EXERCISE DETAILS:
Would you transcribe exactly the lines below, starting at the one that contains "Active suspension system/1 ->" and ending with the last line, both included? Leave out all other lines.

** SUPPLIED RECORDS follows **

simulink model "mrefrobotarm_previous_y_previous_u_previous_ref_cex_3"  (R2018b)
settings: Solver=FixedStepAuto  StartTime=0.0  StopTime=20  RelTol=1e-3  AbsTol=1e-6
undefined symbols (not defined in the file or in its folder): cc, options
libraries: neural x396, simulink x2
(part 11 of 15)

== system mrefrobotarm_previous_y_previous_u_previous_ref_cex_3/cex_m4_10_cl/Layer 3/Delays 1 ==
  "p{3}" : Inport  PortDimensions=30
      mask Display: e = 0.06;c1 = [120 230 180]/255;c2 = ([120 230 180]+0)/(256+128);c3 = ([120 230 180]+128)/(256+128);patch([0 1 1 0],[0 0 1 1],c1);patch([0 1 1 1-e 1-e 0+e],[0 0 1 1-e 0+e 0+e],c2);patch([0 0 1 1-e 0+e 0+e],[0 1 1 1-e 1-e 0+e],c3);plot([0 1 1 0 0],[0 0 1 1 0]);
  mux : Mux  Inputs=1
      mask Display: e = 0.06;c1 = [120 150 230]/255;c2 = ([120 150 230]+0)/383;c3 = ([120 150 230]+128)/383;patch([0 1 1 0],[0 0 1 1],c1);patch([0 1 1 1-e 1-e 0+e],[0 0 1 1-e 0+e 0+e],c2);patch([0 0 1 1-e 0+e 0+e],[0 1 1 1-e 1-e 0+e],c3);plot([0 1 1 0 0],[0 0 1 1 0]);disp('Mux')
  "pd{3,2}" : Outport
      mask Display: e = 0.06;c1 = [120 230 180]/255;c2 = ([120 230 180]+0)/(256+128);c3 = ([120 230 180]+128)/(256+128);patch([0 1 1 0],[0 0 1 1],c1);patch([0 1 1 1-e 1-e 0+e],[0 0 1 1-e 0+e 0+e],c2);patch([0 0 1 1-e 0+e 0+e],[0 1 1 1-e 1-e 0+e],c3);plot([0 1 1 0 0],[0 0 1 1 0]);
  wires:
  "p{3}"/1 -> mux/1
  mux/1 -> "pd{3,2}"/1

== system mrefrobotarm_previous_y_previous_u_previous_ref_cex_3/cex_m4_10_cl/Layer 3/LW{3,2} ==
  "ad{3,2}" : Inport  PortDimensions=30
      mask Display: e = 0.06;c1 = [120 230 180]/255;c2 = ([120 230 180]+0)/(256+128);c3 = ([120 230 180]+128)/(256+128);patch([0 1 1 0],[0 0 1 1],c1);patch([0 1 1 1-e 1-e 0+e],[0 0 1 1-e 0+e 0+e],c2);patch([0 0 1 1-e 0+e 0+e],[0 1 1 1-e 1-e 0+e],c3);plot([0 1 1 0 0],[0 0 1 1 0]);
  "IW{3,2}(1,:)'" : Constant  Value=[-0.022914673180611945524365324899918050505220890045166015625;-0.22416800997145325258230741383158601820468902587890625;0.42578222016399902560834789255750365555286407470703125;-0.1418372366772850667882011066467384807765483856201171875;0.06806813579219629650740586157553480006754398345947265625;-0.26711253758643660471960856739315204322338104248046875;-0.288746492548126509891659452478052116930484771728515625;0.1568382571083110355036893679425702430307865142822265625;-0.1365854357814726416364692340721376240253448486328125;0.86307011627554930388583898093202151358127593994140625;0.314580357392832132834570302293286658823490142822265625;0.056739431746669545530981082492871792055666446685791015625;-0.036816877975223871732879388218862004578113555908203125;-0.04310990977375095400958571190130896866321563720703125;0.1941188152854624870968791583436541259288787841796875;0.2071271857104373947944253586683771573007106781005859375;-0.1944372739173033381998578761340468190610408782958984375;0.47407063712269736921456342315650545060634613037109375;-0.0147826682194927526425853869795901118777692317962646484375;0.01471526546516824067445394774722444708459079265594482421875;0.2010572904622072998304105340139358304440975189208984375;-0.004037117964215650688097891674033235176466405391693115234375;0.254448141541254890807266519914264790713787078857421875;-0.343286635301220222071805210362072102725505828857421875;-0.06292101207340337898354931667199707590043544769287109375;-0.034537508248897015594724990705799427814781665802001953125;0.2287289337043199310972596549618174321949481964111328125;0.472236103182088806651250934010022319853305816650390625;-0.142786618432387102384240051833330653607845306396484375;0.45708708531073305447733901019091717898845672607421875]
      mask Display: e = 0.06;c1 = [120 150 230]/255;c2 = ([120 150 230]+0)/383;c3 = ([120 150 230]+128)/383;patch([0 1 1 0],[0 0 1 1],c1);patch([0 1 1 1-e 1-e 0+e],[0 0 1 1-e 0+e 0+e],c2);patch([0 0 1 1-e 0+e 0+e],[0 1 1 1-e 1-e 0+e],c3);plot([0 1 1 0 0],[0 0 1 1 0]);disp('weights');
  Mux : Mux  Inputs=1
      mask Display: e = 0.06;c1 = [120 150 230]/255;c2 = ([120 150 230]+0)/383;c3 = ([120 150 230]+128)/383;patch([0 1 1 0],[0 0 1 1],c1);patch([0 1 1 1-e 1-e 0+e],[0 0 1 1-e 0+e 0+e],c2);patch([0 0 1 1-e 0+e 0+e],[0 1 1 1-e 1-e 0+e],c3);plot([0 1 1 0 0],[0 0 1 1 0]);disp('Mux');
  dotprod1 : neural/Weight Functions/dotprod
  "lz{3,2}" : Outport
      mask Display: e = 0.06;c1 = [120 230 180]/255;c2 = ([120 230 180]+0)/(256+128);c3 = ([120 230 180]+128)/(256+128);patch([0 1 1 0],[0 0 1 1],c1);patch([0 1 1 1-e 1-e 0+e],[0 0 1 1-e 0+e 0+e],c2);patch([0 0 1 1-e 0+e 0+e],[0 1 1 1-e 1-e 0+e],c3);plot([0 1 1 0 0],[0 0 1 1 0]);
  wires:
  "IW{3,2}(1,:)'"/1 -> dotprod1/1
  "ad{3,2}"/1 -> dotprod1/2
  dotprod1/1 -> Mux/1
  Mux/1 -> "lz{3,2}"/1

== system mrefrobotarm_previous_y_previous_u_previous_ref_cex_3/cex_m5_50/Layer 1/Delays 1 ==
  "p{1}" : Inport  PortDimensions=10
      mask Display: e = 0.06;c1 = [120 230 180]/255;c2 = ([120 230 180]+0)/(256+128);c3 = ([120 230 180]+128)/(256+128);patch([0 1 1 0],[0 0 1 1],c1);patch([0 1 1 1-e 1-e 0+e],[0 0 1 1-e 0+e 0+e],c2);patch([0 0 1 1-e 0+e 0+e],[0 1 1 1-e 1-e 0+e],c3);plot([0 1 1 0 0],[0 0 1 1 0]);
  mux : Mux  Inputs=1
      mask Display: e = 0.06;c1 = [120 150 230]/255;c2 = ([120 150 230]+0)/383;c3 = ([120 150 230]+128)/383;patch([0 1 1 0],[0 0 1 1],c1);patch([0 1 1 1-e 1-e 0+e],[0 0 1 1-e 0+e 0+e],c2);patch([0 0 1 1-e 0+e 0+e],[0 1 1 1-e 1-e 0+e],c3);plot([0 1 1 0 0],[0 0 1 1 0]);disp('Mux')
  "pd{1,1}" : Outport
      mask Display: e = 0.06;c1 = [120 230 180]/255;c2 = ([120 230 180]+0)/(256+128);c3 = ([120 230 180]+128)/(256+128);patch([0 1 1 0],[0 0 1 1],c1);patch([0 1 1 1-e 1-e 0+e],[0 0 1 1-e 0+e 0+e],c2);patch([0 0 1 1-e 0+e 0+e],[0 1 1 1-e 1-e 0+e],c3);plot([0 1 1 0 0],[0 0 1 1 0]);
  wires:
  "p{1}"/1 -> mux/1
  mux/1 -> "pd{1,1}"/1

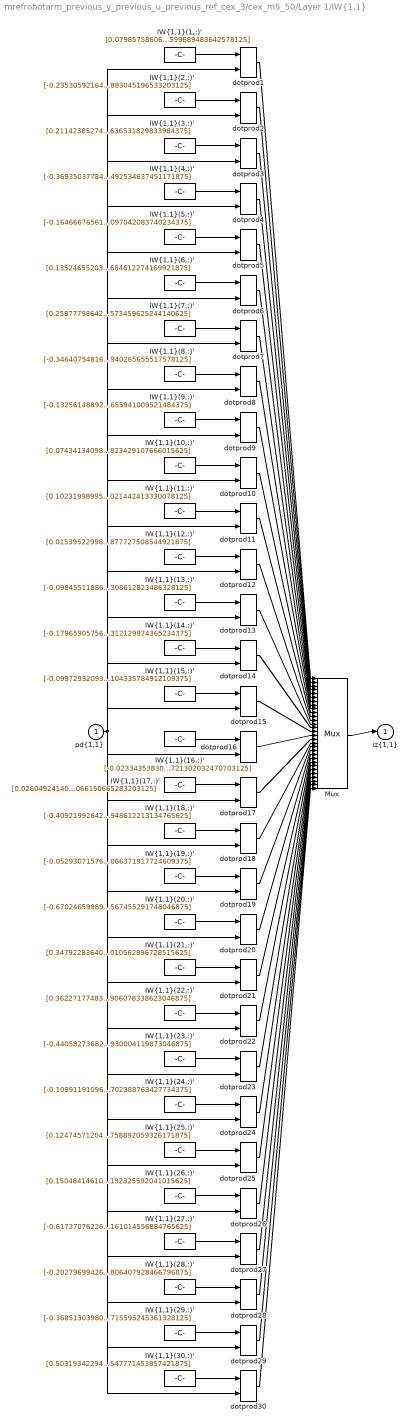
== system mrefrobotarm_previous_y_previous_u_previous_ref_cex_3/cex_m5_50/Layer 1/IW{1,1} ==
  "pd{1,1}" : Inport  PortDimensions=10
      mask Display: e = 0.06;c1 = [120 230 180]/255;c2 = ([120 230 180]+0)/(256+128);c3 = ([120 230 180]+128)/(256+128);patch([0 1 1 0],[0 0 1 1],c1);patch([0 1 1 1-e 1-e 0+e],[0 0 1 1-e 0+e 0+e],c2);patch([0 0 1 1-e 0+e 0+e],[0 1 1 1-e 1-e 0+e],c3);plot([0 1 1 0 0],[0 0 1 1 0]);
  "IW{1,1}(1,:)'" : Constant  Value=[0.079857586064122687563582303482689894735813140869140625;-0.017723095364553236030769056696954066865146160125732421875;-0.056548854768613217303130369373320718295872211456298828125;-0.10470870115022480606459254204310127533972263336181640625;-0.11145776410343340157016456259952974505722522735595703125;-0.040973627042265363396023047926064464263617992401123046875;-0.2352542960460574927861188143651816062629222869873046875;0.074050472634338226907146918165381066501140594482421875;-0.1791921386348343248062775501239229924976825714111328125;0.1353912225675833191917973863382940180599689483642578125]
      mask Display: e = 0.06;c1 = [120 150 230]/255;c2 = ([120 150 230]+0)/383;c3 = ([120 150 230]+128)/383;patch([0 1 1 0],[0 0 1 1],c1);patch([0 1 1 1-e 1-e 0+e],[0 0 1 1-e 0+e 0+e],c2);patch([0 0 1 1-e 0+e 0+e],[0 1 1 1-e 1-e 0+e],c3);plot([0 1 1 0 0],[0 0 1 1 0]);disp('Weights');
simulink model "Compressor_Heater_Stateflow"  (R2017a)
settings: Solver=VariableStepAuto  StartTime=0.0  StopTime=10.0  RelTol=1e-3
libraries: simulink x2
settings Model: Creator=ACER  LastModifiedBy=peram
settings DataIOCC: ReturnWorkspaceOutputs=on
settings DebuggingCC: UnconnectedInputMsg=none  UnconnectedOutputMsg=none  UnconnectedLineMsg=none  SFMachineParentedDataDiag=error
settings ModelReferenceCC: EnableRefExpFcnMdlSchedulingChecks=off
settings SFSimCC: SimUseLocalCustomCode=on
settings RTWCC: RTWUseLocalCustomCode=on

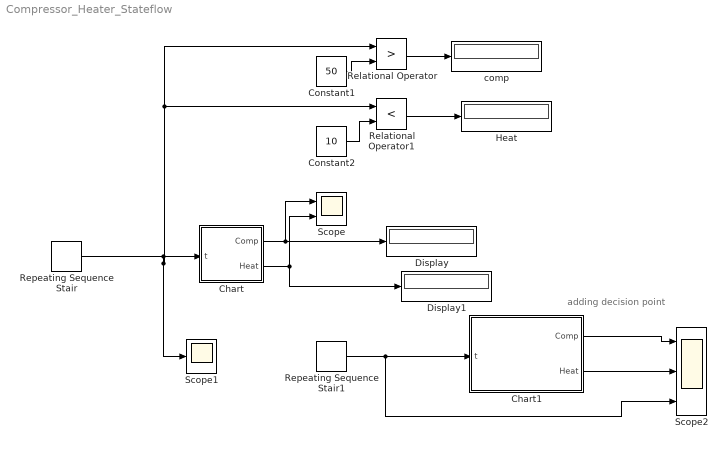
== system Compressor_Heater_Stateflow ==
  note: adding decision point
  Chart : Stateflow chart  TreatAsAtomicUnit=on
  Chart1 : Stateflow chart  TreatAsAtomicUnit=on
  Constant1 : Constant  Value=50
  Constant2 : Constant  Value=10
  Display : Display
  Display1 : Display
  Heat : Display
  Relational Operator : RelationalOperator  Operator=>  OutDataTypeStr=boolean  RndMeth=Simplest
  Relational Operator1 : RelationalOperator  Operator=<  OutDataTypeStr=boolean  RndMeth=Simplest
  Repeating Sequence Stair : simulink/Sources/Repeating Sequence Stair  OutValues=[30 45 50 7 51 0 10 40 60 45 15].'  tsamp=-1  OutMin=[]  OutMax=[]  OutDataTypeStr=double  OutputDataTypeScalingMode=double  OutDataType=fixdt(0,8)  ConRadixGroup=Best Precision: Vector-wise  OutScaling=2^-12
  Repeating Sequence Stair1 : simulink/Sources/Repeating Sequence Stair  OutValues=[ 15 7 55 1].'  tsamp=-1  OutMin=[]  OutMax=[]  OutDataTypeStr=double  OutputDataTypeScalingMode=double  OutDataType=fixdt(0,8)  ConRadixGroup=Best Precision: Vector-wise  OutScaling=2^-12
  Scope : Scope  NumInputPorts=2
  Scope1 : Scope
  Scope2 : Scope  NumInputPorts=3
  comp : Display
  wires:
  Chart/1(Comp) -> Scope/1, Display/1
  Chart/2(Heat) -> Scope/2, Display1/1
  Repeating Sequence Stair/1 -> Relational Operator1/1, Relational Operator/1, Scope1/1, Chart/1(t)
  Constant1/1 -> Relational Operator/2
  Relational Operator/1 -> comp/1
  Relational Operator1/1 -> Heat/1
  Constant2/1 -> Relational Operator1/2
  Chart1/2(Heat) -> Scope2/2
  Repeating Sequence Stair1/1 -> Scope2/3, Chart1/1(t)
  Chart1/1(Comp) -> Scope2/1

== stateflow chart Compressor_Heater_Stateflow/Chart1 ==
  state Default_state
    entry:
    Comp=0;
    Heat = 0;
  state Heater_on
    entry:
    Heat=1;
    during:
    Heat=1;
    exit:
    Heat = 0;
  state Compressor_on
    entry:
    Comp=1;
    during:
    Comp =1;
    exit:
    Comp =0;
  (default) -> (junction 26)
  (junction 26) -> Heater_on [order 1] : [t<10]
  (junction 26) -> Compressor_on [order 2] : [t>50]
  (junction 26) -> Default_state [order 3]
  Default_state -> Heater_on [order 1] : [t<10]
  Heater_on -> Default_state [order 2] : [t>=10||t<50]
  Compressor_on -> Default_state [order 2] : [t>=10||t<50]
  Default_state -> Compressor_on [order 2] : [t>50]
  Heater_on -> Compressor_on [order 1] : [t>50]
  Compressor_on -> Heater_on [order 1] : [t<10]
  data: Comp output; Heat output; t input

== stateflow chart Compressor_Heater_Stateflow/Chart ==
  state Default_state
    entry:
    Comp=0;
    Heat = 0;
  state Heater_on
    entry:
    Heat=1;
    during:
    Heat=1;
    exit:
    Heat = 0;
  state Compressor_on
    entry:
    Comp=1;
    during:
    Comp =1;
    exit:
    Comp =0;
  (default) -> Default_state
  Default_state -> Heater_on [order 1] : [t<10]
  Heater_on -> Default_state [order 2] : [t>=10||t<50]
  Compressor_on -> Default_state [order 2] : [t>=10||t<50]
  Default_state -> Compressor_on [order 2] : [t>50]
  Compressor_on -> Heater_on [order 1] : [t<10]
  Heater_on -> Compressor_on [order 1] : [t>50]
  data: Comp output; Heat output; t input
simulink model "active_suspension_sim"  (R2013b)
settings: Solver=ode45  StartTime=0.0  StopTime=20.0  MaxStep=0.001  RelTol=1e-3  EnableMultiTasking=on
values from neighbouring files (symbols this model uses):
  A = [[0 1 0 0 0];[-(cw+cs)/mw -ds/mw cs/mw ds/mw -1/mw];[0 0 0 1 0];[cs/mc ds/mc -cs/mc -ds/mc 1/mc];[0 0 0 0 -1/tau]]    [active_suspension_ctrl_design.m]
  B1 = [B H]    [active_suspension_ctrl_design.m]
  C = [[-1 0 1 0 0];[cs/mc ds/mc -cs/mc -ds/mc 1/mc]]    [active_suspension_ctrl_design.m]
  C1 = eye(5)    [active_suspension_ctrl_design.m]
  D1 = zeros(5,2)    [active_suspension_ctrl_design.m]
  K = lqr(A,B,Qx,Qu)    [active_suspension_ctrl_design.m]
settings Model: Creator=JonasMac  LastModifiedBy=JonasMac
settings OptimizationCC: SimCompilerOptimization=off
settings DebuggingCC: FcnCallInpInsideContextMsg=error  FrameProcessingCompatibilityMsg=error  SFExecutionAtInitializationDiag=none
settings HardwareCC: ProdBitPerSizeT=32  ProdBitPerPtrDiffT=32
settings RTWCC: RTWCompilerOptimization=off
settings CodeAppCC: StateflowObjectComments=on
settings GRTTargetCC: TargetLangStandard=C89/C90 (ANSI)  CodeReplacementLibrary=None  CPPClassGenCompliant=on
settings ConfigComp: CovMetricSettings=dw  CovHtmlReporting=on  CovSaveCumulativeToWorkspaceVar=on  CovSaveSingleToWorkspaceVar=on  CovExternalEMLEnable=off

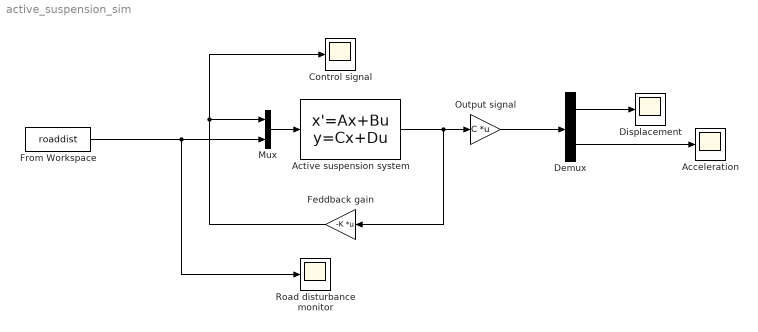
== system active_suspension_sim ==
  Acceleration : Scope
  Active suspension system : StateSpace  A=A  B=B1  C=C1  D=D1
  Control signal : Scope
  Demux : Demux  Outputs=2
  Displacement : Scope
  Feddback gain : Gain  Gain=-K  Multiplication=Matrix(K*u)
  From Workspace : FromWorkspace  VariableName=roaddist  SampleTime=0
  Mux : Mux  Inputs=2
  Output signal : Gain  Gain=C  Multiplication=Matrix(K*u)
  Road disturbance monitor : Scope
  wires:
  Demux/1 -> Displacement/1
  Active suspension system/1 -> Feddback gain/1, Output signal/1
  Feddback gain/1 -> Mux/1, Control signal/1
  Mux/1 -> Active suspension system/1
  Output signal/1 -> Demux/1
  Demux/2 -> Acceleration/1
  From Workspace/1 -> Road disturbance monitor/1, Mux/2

** End of SUPPLIED RECORDS **

RESPONSE BOX:
  Active suspension system/1 -> Feddback gain/1, Output signal/1
  Feddback gain/1 -> Mux/1, Control signal/1
  Mux/1 -> Active suspension system/1
  Output signal/1 -> Demux/1
  Demux/2 -> Acceleration/1
  From Workspace/1 -> Road disturbance monitor/1, Mux/2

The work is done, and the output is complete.